There are obviously some unsatisfactory aspects of this manner of encoding boustrophedon. In the inscription above, some words run across linebreaks, so if we wished to tag both words and the right-to-left phenomena, one hierarchy would have to be privileged over the other. By using a transform function rather than a writing mode property, we are apparently suggesting that boustrophedon is not in fact a writing mode, whereas it clearly is. But the CSS Writing Modes specification does not provide support for boustrophedon, because it is a rather obscure historical phenomenon; using a rotational transform is one practical alternative.
Caveats
The effect and behaviour of CSS Transforms properties and values according to the specification is highly dependent on the computed Visual formatting model of an HTML document. TEI does not have an explicit processing or formatting model, so it is by no means clear whether any given TEI element should be interpreted, for instance, as a block-level or inline-level element.
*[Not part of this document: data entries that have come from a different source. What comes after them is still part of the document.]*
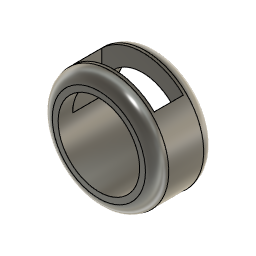
Collimating Ring (Autodesk Fusion 360 design; units mm, degrees)
Autodesk Fusion 360 part; units mm, degrees
sketch "Sketch1" plane through (0, 0, 0) normal (0, 1, 0) x (1, 0, 0)
  circle A0 centre (0, 0) radius 3.5
  circle A1 centre (0, 0) radius 5
  dimension "d1" = 7
  dimension "d2" = 10
  constraint coincident A0.centre A1.centre
  constraint concentric A0 A1
  measures "d1" diameter of A0
  measures "d2" diameter of A1
extrude "Extrude1" add sketch "Sketch1" along normal blind 3 and the other way blind 2
sketch "Sketch2" plane through (0, 0, 0) normal (0, 0, 1) x (1, 0, 0)
  line L0 (3.5, -0.75) -> (-3.5, -0.75)
  line L1 (-3.5, -0.75) -> (-3.5, 1.75)
  line L2 (-3.5, 1.75) -> (3.5, 1.75)
  line L3 (3.5, 1.75) -> (3.5, -0.75)
  line L4 (0, 0) -> (-3.5, 0)
  line L5 (0, 0) -> (0, 1.75)
  dimension "d7" = 7
  dimension "d8" = 2.5
  dimension "d15" = 3.5
  dimension "d16" = 1.75
  constraint horizontal L0
  constraint vertical L1
  constraint horizontal L2
  constraint vertical L3
  constraint coincident L4.start L5.start
  constraint coincident L1 L4.end
  constraint perpendicular L1 L4
  constraint coincident L2 L5.end
  constraint perpendicular L2 L5
  measures "d7" distance of L0.start L0.end
  measures "d8" distance of L0.start L2.end
  measures "d15" distance of L4.start L4.end
  measures "d16" distance of L4.start L5.end
extrude "Extrude2" cut sketch "Sketch2" along normal blind 5
fillet "Fillet1" radius 1 1 edges at (-4.6616, 3, 1.8081)
fillet "Fillet2" radius 1 1 edges at (-4.6616, -2, -1.8081)
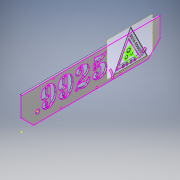
# Autodesk Inventor part: DriveTrain3.0
Saved by Autodesk Inventor 2019 (Build 230136000, 136)
## iProperties
Created: 2017-07-22
Part Number: DriveTrain3.0
Material: Aluminum 6061
Document SubType Name: Modeling
Designer: User
Density: 2.7 g/cm^3
Appearance: Aluminum - Flat
Mass: 590.045 g
Surface Area: 982.684 cm^2
Volume: 218.535 cm^3
Author: User
Autodesk Inventor part; units mm, degrees
ref_plane "YZ Plane" through (0, 0, 0) normal (1, 0, 0) x (0, 1, 0)
ref_plane "XZ Plane" through (0, 0, 0) normal (0, 1, 0) x (-1, 0, 0)
ref_plane "XY Plane" through (0, 0, 0) normal (0, 0, 1) x (1, 0, 0)
sketch "Sketch1" plane through (0, 0, 0) normal (1, 0, 0) x (0, 1, 0)
  line L0 (0, 0) -> (101.6, 0)
  line L1 (101.6, 0) -> (101.6, -444.5)
  line L2 (101.6, -444.5) -> (0, -444.5)
  line L3 (0, -444.5) -> (0, 0)
  circle A0 centre (31.75, -50.8) radius 6.3627
  circle A1 centre (31.75, -393.7) radius 6.3627
  circle A2 centre (86.2838, -165.5318) radius 1.5875
  circle A3 centre (70.2818, -165.5318) radius 1.5875
  circle A4 centre (15.3162, -278.9682) radius 1.5875
  circle A5 centre (31.3182, -278.9682) radius 1.5875
  dimension "d0" = 101.6
  dimension "d1" = 444.5
  dimension "d2" = 12.7254
  dimension "d3" = 31.75
  dimension "d4" = 50.8
  dimension "d5" = 50.8
  dimension "d22" = 165.5318
  dimension "d23" = 3.175
  dimension "d24" = 15.3162
  dimension "d25" = 3.175
  dimension "d26" = 16.002
  dimension "d27" = 165.5318
  dimension "d28" = 3.175
  dimension "d29" = 15.3162
  dimension "d30" = 165.5318
  dimension "d31" = 3.175
  dimension "d32" = 16.002
  dimension "d33" = 165.5318
  constraints: 8 end point, 6 centre point, 2 parallel, 1 horizontal, 1 perpendicular
  measures "d0" distance of L1.end L2.end
  measures "d1" distance of L0.end L1.end
  measures "d2" diameter of A0
  measures "d3" distance from line of L3 A0.centre
  measures "d4" distance from line of L0 A0.centre
  measures "d5" distance from line of L2 A1.centre
  measures "d22" distance from line of L0 A2.centre
  measures "d23" diameter of A2
  measures "d24" distance from line of L1 A2.centre
  measures "d25" diameter of A3
  measures "d26" distance of A2.centre A3.centre
  measures "d27" distance from line of L0 A3.centre
  measures "d28" diameter of A4
  measures "d29" distance from line of L3 A4.centre
  measures "d30" distance from line of L2 A4.centre
  measures "d31" diameter of A5
  measures "d32" distance of A5.centre A4.centre
  measures "d33" distance from line of L2 A5.centre
extrude "Extrusion1" add sketch "Sketch1" along normal blind 4.7625 contours L0 L1 L2 L3 | A2 | A3 | A4 | A5
chamfer "Chamfer1" distance 38.1 angle 45 1 edges at (2.3813, 0, 0)
chamfer "Chamfer2" distance 38.1 angle 45 1 edges at (2.3813, 0, -444.5)
sketch "Sketch8" plane through (4.7625, 0, 0) normal (1, 0, 0) x (0, 0, -1)
  line L0 (444.5, 38.1) -> (406.4, 0) projected
  line L1 (444.5, 38.1) -> (444.5, 101.6) projected
  line L2 (444.5, 101.6) -> (0, 101.6) projected
  line L3 (0, 101.6) -> (0, 38.1) projected
  line L4 (38.1, 0) -> (0, 38.1) projected
  line L5 (38.1, 0) -> (406.4, 0) projected
  circle A0 centre (393.7, 31.75) radius 6.3627 projected
  circle A1 centre (50.8, 31.75) radius 6.3627 projected
  point P0 (0, 0)
  point P1 (101.6, 97.155)
  point P2 (342.9, 97.155)
  point P3 (127, 4.445)
  point P4 (317.5, 4.445)
  dimension "d110" = 4.445
  dimension "d111" = 4.445
  dimension "d112" = 101.6
  dimension "d113" = 101.6
  dimension "d114" = 4.445
  dimension "d115" = 4.445
  dimension "d123" = 127
  dimension "d124" = 127
  measures "d110" distance from line of L2 point (342.9, 97.155)
  measures "d111" distance from line of L2 point (101.6, 97.155)
  measures "d112" distance from line of L3 point (101.6, 97.155)
  measures "d113" distance from line of L1 point (342.9, 97.155)
  measures "d114" distance from line of L5 point (317.5, 4.445)
  measures "d115" distance from line of L5 point (127, 4.445)
  measures "d123" distance from line of L1 point (317.5, 4.445)
  measures "d124" distance from line of L3 point (127, 4.445)
hole "Hole3" at (4.7625, 97.155, -101.6) at (4.7625, 97.155, -342.9) at (4.7625, 4.445, -127) at (4.7625, 4.445, -317.5) direction (-1, 0, 0) diameter 3.81 depth 25.4 tip angle 118
sketch "Sketch9" plane through (4.7625, 0, 0) normal (1, 0, 0) x (0, 0, -1)
  line L0 (444.5, 38.1) -> (444.5, 101.6) projected
  line L1 (38.1, 0) -> (406.4, 0) projected
  arc A0 (292.0841, 5.08) -> (284.536, 30.48) centre (241.3, 3.81) ccw construction
  arc A1 (294.6233, 5.1435) -> (286.6978, 31.8135) centre (241.3, 3.81) ccw
  arc A2 (289.5449, 5.0165) -> (282.3742, 29.1465) centre (241.3, 3.81) ccw
  arc A3 (289.5449, 5.0165) -> (294.6233, 5.1435) centre (292.0841, 5.08) ccw
  arc A4 (286.6978, 31.8135) -> (282.3742, 29.1465) centre (284.536, 30.48) ccw
  point P0 (0, 0)
  dimension "d125" = 203.2
  dimension "d126" = 3.81
  dimension "d134" = 50.8
  dimension "d135" = 5.08
  dimension "d139" = 5.08
  dimension "d140" = 25.4
  constraints: 10 point on circle, 5 centre point, 4 tangent, 1 coincident
  measures "d125" distance from line of L0 point (241.3, 3.81)
  measures "d126" distance from line of point (241.3, 3.81) L1
  measures "d134" radius of A0
  measures "d135" diameter of A4
  measures "d139" distance from line of L1 A0.start
  measures "d140" vertical distance of A0.start A0.end
hole "Hole4" at (4.7625, 3.81, -241.3) direction (-1, 0, 0) diameter 5.08 end through all
extrude "Extrusion6" cut sketch "Sketch9" against normal through all
sketch "Sketch10" plane through (4.7625, 0, 0) normal (1, 0, 0) x (0, 0, -1)
  line L0 (59.5129, 89.2474) -> (313.2288, 89.2474) construction
  line L1 (313.2288, 89.2474) -> (313.2288, 0) construction
  line L2 (313.2288, 0) -> (59.5129, 0) construction
  line L3 (59.5129, 0) -> (59.5129, 89.2474) construction
  line L4 (86.7981, 24.204) -> (86.7981, 28.8893)
  spline S0 degree 2 poles (86.7981, 28.8893) (88.2863, 29.3303) (89.8297, 30.3776) (90.381, 31.3698) knots 0 0 0 1 2 2 2
  spline S1 degree 2 poles (90.381, 31.3698) (91.5385, 33.299) (91.5385, 35.6141) knots 0 0 0 1 1 1
  line L5 (91.5385, 35.6141) -> (91.5385, 78.5538)
  spline S2 degree 2 poles (91.5385, 78.5538) (91.5385, 80.7036) (91.2629, 82.5226) (90.7668, 83.184) knots 0 0 0 1 2 2 2
  spline S3 degree 2 poles (90.7668, 83.184) (89.9951, 84.1211) (87.9005, 84.7274) knots 0 0 0 1 1 1
  line L6 (87.9005, 84.7274) -> (87.9005, 89.2474)
  spline S4 degree 2 poles (87.9005, 89.2474) (92.3653, 88.8064) (100.1926, 84.4518) (103.2243, 80.7587) knots 0 0 0 1 2 2 2
  spline S5 degree 2 poles (103.2243, 80.7587) (106.6969, 76.6797) (110.4452, 63.8364) (110.4452, 56.3398) knots 0 0 0 1 2 2 2
  spline S6 degree 2 poles (110.4452, 56.3398) (110.4452, 40.3546) (101.295, 31.0391) knots 0 0 0 1 1 1
  spline S7 degree 2 poles (101.295, 31.0391) (98.0429, 27.7869) (90.4912, 24.204) (86.7981, 24.204) knots 0 0 0 1 2 2 2
  line L7 (87.9005, 59.3715) -> (87.9005, 54.0247)
  spline S8 degree 2 poles (87.9005, 54.0247) (82.8293, 51.2687) (78.0889, 51.2687) knots 0 0 0 1 1 1
  spline S9 degree 2 poles (78.0889, 51.2687) (75.1674, 51.2687) (69.3797, 53.5286) (67.1748, 55.4579) knots 0 0 0 1 2 2 2
  spline S10 degree 2 poles (67.1748, 55.4579) (64.7495, 57.6628) (62.0485, 64.0569) (62.0485, 67.6949) knots 0 0 0 1 2 2 2
  spline S11 degree 2 poles (62.0485, 67.6949) (62.0485, 72.8763) (66.8441, 82.5777) (70.8128, 85.3338) knots 0 0 0 1 2 2 2
  spline S12 degree 2 poles (70.8128, 85.3338) (76.5455, 89.2474) (84.3727, 89.2474) knots 0 0 0 1 1 1
  line L8 (84.3727, 89.2474) -> (84.3727, 84.7274)
  spline S13 degree 2 poles (84.3727, 84.7274) (82.5537, 84.2313) (80.9552, 82.1918) (80.9552, 80.2075) knots 0 0 0 1 2 2 2
  line L9 (80.9552, 80.2075) -> (80.9552, 62.5134)
  spline S14 degree 2 poles (80.9552, 62.5134) (80.9552, 60.4188) (82.7191, 58.0486) (84.2073, 58.1037) knots 0 0 0 1 2 2 2
  spline S15 degree 2 poles (84.2073, 58.1037) (85.6405, 58.1588) (87.9005, 59.3715) knots 0 0 0 1 1 1
  line L10 (83.3254, 28.8893) -> (83.3254, 24.204)
  spline S16 degree 2 poles (83.3254, 24.204) (78.6952, 24.204) (73.9547, 26.4088) knots 0 0 0 1 1 1
  spline S17 degree 2 poles (73.9547, 26.4088) (69.986, 28.3381) (65.466, 34.4015) (65.466, 37.9292) knots 0 0 0 1 2 2 2
  spline S18 degree 2 poles (65.466, 37.9292) (65.466, 41.7878) (70.6475, 47.0243) (74.5611, 47.0243) knots 0 0 0 1 2 2 2
  spline S19 degree 2 poles (74.5611, 47.0243) (78.0337, 47.0243) (82.8844, 42.5043) (82.8844, 39.3073) knots 0 0 0 1 2 2 2
  spline S20 degree 2 poles (82.8844, 39.3073) (82.8844, 37.1024) (81.8371, 35.559) knots 0 0 0 1 1 1
  line L11 (81.8371, 35.559) -> (80.3488, 33.4644)
  spline S21 degree 2 poles (80.3488, 33.4644) (79.7425, 32.5825) (79.7425, 31.8108) knots 0 0 0 1 1 1
  spline S22 degree 2 poles (79.7425, 31.8108) (79.7425, 30.4878) (81.1757, 29.4957) knots 0 0 0 1 1 1
  spline S23 degree 2 poles (81.1757, 29.4957) (81.8922, 28.9996) (83.3254, 28.8893) knots 0 0 0 1 1 1
  line L12 (141.5337, 24.204) -> (141.5337, 28.8893)
  spline S24 degree 2 poles (141.5337, 28.8893) (143.022, 29.3303) (144.5654, 30.3776) (145.1166, 31.3698) knots 0 0 0 1 2 2 2
  spline S25 degree 2 poles (145.1166, 31.3698) (146.2742, 33.299) (146.2742, 35.6141) knots 0 0 0 1 1 1
  line L13 (146.2742, 35.6141) -> (146.2742, 78.5538)
  spline S26 degree 2 poles (146.2742, 78.5538) (146.2742, 80.7036) (145.9986, 82.5226) (145.5025, 83.184) knots 0 0 0 1 2 2 2
  spline S27 degree 2 poles (145.5025, 83.184) (144.7308, 84.1211) (142.6362, 84.7274) knots 0 0 0 1 1 1
  line L14 (142.6362, 84.7274) -> (142.6362, 89.2474)
  spline S28 degree 2 poles (142.6362, 89.2474) (147.101, 88.8064) (154.9283, 84.4518) (157.96, 80.7587) knots 0 0 0 1 2 2 2
  spline S29 degree 2 poles (157.96, 80.7587) (161.4326, 76.6797) (165.1809, 63.8364) (165.1809, 56.3398) knots 0 0 0 1 2 2 2
  spline S30 degree 2 poles (165.1809, 56.3398) (165.1809, 40.3546) (156.0307, 31.0391) knots 0 0 0 1 1 1
  spline S31 degree 2 poles (156.0307, 31.0391) (152.7785, 27.7869) (145.2269, 24.204) (141.5337, 24.204) knots 0 0 0 1 2 2 2
  line L15 (142.6362, 59.3715) -> (142.6362, 54.0247)
  spline S32 degree 2 poles (142.6362, 54.0247) (137.565, 51.2687) (132.8245, 51.2687) knots 0 0 0 1 1 1
  spline S33 degree 2 poles (132.8245, 51.2687) (129.9031, 51.2687) (124.1153, 53.5286) (121.9105, 55.4579) knots 0 0 0 1 2 2 2
  spline S34 degree 2 poles (121.9105, 55.4579) (119.4851, 57.6628) (116.7842, 64.0569) (116.7842, 67.6949) knots 0 0 0 1 2 2 2
  spline S35 degree 2 poles (116.7842, 67.6949) (116.7842, 72.8763) (121.5797, 82.5777) (125.5485, 85.3338) knots 0 0 0 1 2 2 2
  spline S36 degree 2 poles (125.5485, 85.3338) (131.2811, 89.2474) (139.1084, 89.2474) knots 0 0 0 1 1 1
  line L16 (139.1084, 89.2474) -> (139.1084, 84.7274)
  spline S37 degree 2 poles (139.1084, 84.7274) (137.2894, 84.2313) (135.6909, 82.1918) (135.6909, 80.2075) knots 0 0 0 1 2 2 2
  line L17 (135.6909, 80.2075) -> (135.6909, 62.5134)
  spline S38 degree 2 poles (135.6909, 62.5134) (135.6909, 60.4188) (137.4547, 58.0486) (138.943, 58.1037) knots 0 0 0 1 2 2 2
  spline S39 degree 2 poles (138.943, 58.1037) (140.3762, 58.1588) (142.6362, 59.3715) knots 0 0 0 1 1 1
  line L18 (138.0611, 28.8893) -> (138.0611, 24.204)
  spline S40 degree 2 poles (138.0611, 24.204) (133.4309, 24.204) (128.6904, 26.4088) knots 0 0 0 1 1 1
  spline S41 degree 2 poles (128.6904, 26.4088) (124.7217, 28.3381) (120.2017, 34.4015) (120.2017, 37.9292) knots 0 0 0 1 2 2 2
  spline S42 degree 2 poles (120.2017, 37.9292) (120.2017, 41.7878) (125.3831, 47.0243) (129.2968, 47.0243) knots 0 0 0 1 2 2 2
  spline S43 degree 2 poles (129.2968, 47.0243) (132.7694, 47.0243) (137.6201, 42.5043) (137.6201, 39.3073) knots 0 0 0 1 2 2 2
  spline S44 degree 2 poles (137.6201, 39.3073) (137.6201, 37.1024) (136.5728, 35.559) knots 0 0 0 1 1 1
  line L19 (136.5728, 35.559) -> (135.0845, 33.4644)
  spline S45 degree 2 poles (135.0845, 33.4644) (134.4782, 32.5825) (134.4782, 31.8108) knots 0 0 0 1 1 1
  spline S46 degree 2 poles (134.4782, 31.8108) (134.4782, 30.4878) (135.9113, 29.4957) knots 0 0 0 1 1 1
  spline S47 degree 2 poles (135.9113, 29.4957) (136.6279, 28.9996) (138.0611, 28.8893) knots 0 0 0 1 1 1
  line L20 (193.5685, 84.1762) -> (193.5685, 89.2474)
  line L21 (193.5685, 89.2474) -> (194.8363, 89.2474)
  spline S48 degree 2 poles (194.8363, 89.2474) (199.6869, 89.2474) (208.4513, 86.0503) (211.3727, 83.184) knots 0 0 0 1 2 2 2
  spline S49 degree 2 poles (211.3727, 83.184) (216.3336, 78.3884) (216.3336, 71.1124) knots 0 0 0 1 1 1
  spline S50 degree 2 poles (216.3336, 71.1124) (216.3336, 64.8286) (208.9474, 55.1272) (202.1123, 52.3711) knots 0 0 0 1 2 2 2
  line L22 (202.1123, 52.3711) -> (196.0489, 49.9457)
  spline S51 degree 2 poles (196.0489, 49.9457) (193.4031, 48.8984) (188.5524, 46.2526) knots 0 0 0 1 1 1
  line L23 (188.5524, 46.2526) -> (187.1744, 45.4258)
  spline S52 degree 2 poles (187.1744, 45.4258) (185.3002, 45.4258) (181.8276, 44.4336) (178.5754, 43.0555) knots 0 0 0 1 2 2 2
  spline S53 degree 2 poles (178.5754, 43.0555) (180.2842, 45.3155) (183.6466, 48.5677) (187.0641, 51.2135) knots 0 0 0 1 2 2 2
  spline S54 degree 2 poles (187.0641, 51.2135) (191.4187, 54.5759) (194.4504, 57.6076) (195.5528, 59.6471) knots 0 0 0 1 2 2 2
  spline S55 degree 2 poles (195.5528, 59.6471) (196.6001, 61.6866) (197.5923, 67.1988) (197.5923, 71.4431) knots 0 0 0 1 2 2 2
  spline S56 degree 2 poles (197.5923, 71.4431) (197.5923, 78.8845) (196.2694, 81.4753) knots 0 0 0 1 1 1
  spline S57 degree 2 poles (196.2694, 81.4753) (195.7733, 82.5226) (194.6158, 83.625) (193.5685, 84.1762) knots 0 0 0 1 2 2 2
  spline S58 degree 2 poles (215.8927, 45.6463) (216.94, 45.7014) (218.2629, 43.9375) (218.2629, 42.5043) knots 0 0 0 1 2 2 2
  spline S59 degree 2 poles (218.2629, 42.5043) (218.2629, 39.2522) (214.8454, 31.3147) (212.4751, 28.8893) knots 0 0 0 1 2 2 2
  spline S60 degree 2 poles (212.4751, 28.8893) (210.4356, 26.7947) (204.4274, 24.204) (201.7264, 24.204) knots 0 0 0 1 2 2 2
  spline S61 degree 2 poles (201.7264, 24.204) (198.4743, 24.204) (194.8363, 25.2513) knots 0 0 0 1 1 1
  line L24 (194.8363, 25.2513) -> (188.7178, 27.0703)
  spline S62 degree 2 poles (188.7178, 27.0703) (183.5363, 28.5586) (181.9929, 28.5586) knots 0 0 0 1 1 1
  spline S63 degree 2 poles (181.9929, 28.5586) (179.9534, 28.5586) (177.6935, 26.6293) knots 0 0 0 1 1 1
  spline S64 degree 2 poles (177.6935, 26.6293) (176.2603, 25.4167) (175.4886, 25.4167) knots 0 0 0 1 1 1
  spline S65 degree 2 poles (175.4886, 25.4167) (174.4413, 25.4167) (173.2837, 26.7947) (173.2837, 28.1176) knots 0 0 0 1 2 2 2
  spline S66 degree 2 poles (173.2837, 28.1176) (173.2837, 30.5981) (175.5988, 35.8346) (177.5832, 37.7639) knots 0 0 0 1 2 2 2
  spline S67 degree 2 poles (177.5832, 37.7639) (181.8276, 41.898) (189.1036, 41.898) knots 0 0 0 1 1 1
  spline S68 degree 2 poles (189.1036, 41.898) (192.5211, 41.898) (198.3089, 40.8507) knots 0 0 0 1 1 1
  spline S69 degree 2 poles (198.3089, 40.8507) (206.6874, 39.2522) (209.223, 39.2522) knots 0 0 0 1 1 1
  spline S70 degree 2 poles (209.223, 39.2522) (211.483, 39.2522) (212.5303, 40.3546) knots 0 0 0 1 1 1
  spline S71 degree 2 poles (212.5303, 40.3546) (212.9161, 40.7956) (213.3571, 41.8429) (213.6878, 43.276) knots 0 0 0 1 2 2 2
  spline S72 degree 2 poles (213.6878, 43.276) (214.1839, 45.536) (215.8927, 45.6463) knots 0 0 0 1 1 1
  line L25 (189.4343, 89.1371) -> (189.4343, 84.1762)
  spline S73 degree 2 poles (189.4343, 84.1762) (188.1114, 83.9006) (186.4578, 82.9084) (186.5129, 82.3572) knots 0 0 0 1 2 2 2
  spline S74 degree 2 poles (186.5129, 82.3572) (186.6231, 81.7509) (187.7807, 80.9792) knots 0 0 0 1 1 1
  spline S75 degree 2 poles (187.7807, 80.9792) (189.8753, 79.546) (191.7494, 76.1836) (191.7494, 73.8134) knots 0 0 0 1 2 2 2
  spline S76 degree 2 poles (191.7494, 73.8134) (191.7494, 70.2856) (186.4027, 65.1593) (182.7646, 65.1593) knots 0 0 0 1 2 2 2
  spline S77 degree 2 poles (182.7646, 65.1593) (178.7959, 65.1593) (173.5042, 70.6163) (173.5042, 74.6402) knots 0 0 0 1 2 2 2
  spline S78 degree 2 poles (173.5042, 74.6402) (173.5042, 78.4436) (178.1344, 85.0582) (182.0481, 86.9874) knots 0 0 0 1 2 2 2
  spline S79 degree 2 poles (182.0481, 86.9874) (184.5836, 88.2001) (189.4343, 89.1371) knots 0 0 0 1 1 1
  line L26 (249.8475, 58.8754) -> (249.8475, 65.6003)
  spline S80 degree 2 poles (249.8475, 65.6003) (254.6431, 65.6003) (261.1475, 64.112) (264.124, 62.3481) knots 0 0 0 1 2 2 2
  spline S81 degree 2 poles (264.124, 62.3481) (273.4947, 56.8911) (273.4947, 45.3707) knots 0 0 0 1 1 1
  spline S82 degree 2 poles (273.4947, 45.3707) (273.4947, 39.8034) (269.1952, 30.9839) (265.2816, 28.2279) knots 0 0 0 1 2 2 2
  spline S83 degree 2 poles (265.2816, 28.2279) (262.4704, 26.4088) (255.0841, 24.204) (251.4461, 24.204) knots 0 0 0 1 2 2 2
  line L27 (251.4461, 24.204) -> (249.9578, 24.204)
  line L28 (249.9578, 24.204) -> (249.9578, 29.4405)
  spline S84 degree 2 poles (249.9578, 29.4405) (251.4461, 29.8815) (253.1548, 31.3698) (253.706, 32.6376) knots 0 0 0 1 2 2 2
  spline S85 degree 2 poles (253.706, 32.6376) (254.0919, 33.4093) (254.588, 36.7166) (254.588, 38.26) knots 0 0 0 1 2 2 2
  line L29 (254.588, 38.26) -> (254.588, 50.1662)
  spline S86 degree 2 poles (254.588, 50.1662) (254.588, 54.2452) (252.6587, 57.8281) (249.8475, 58.8754) knots 0 0 0 1 2 2 2
  line L30 (233.1457, 73.8685) -> (234.4686, 89.2474)
  spline S87 degree 2 poles (234.4686, 89.2474) (236.012, 89.082) (236.2876, 89.0269) knots 0 0 0 1 1 1
  line L31 (236.2876, 89.0269) -> (245.6583, 87.8142)
  spline S88 degree 2 poles (245.6583, 87.8142) (250.6744, 87.0976) (257.5646, 87.0976) knots 0 0 0 1 1 1
  spline S89 degree 2 poles (257.5646, 87.0976) (262.2499, 87.0976) (267.9825, 88.0347) (271.1796, 89.2474) knots 0 0 0 1 2 2 2
  spline S90 degree 2 poles (271.1796, 89.2474) (270.1874, 86.0503) (267.8723, 81.9713) (265.7777, 79.8767) knots 0 0 0 1 2 2 2
  spline S91 degree 2 poles (265.7777, 79.8767) (263.5177, 77.6167) (258.1158, 74.4748) (255.4148, 73.8685) knots 0 0 0 1 2 2 2
  spline S92 degree 2 poles (255.4148, 73.8685) (251.2807, 72.9314) (244.7764, 72.9314) knots 0 0 0 1 1 1
  spline S93 degree 2 poles (244.7764, 72.9314) (238.8784, 72.9314) (233.1457, 73.8685) knots 0 0 0 1 1 1
  line L32 (245.9339, 29.4405) -> (245.9339, 24.3142)
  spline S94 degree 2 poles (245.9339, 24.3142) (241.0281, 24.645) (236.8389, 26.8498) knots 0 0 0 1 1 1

For many elements we may think we can assume block-level (<ab>
, "anonymous block") or inline-level (<w>
, "word") from the semantics, but even this is risky. As long as the properties and values from the CSS Transforms module are used as a convenient, well-specified descriptive language to capture features of a text, without any expectation of using them directly and reliably for rendering, this is not problematic; we are simply borrowing a useful vocabulary from an external source, and benefiting from the clarity of definition provided by the specification. However, if there is any expectation of using this information to render a text in a predictable and accurate way, it will be essential to provide enough styling information throughout the document hierarchy to resolve all ambiguities with regard to size, positioning, block status, etc. before any element undergoes a transform operation.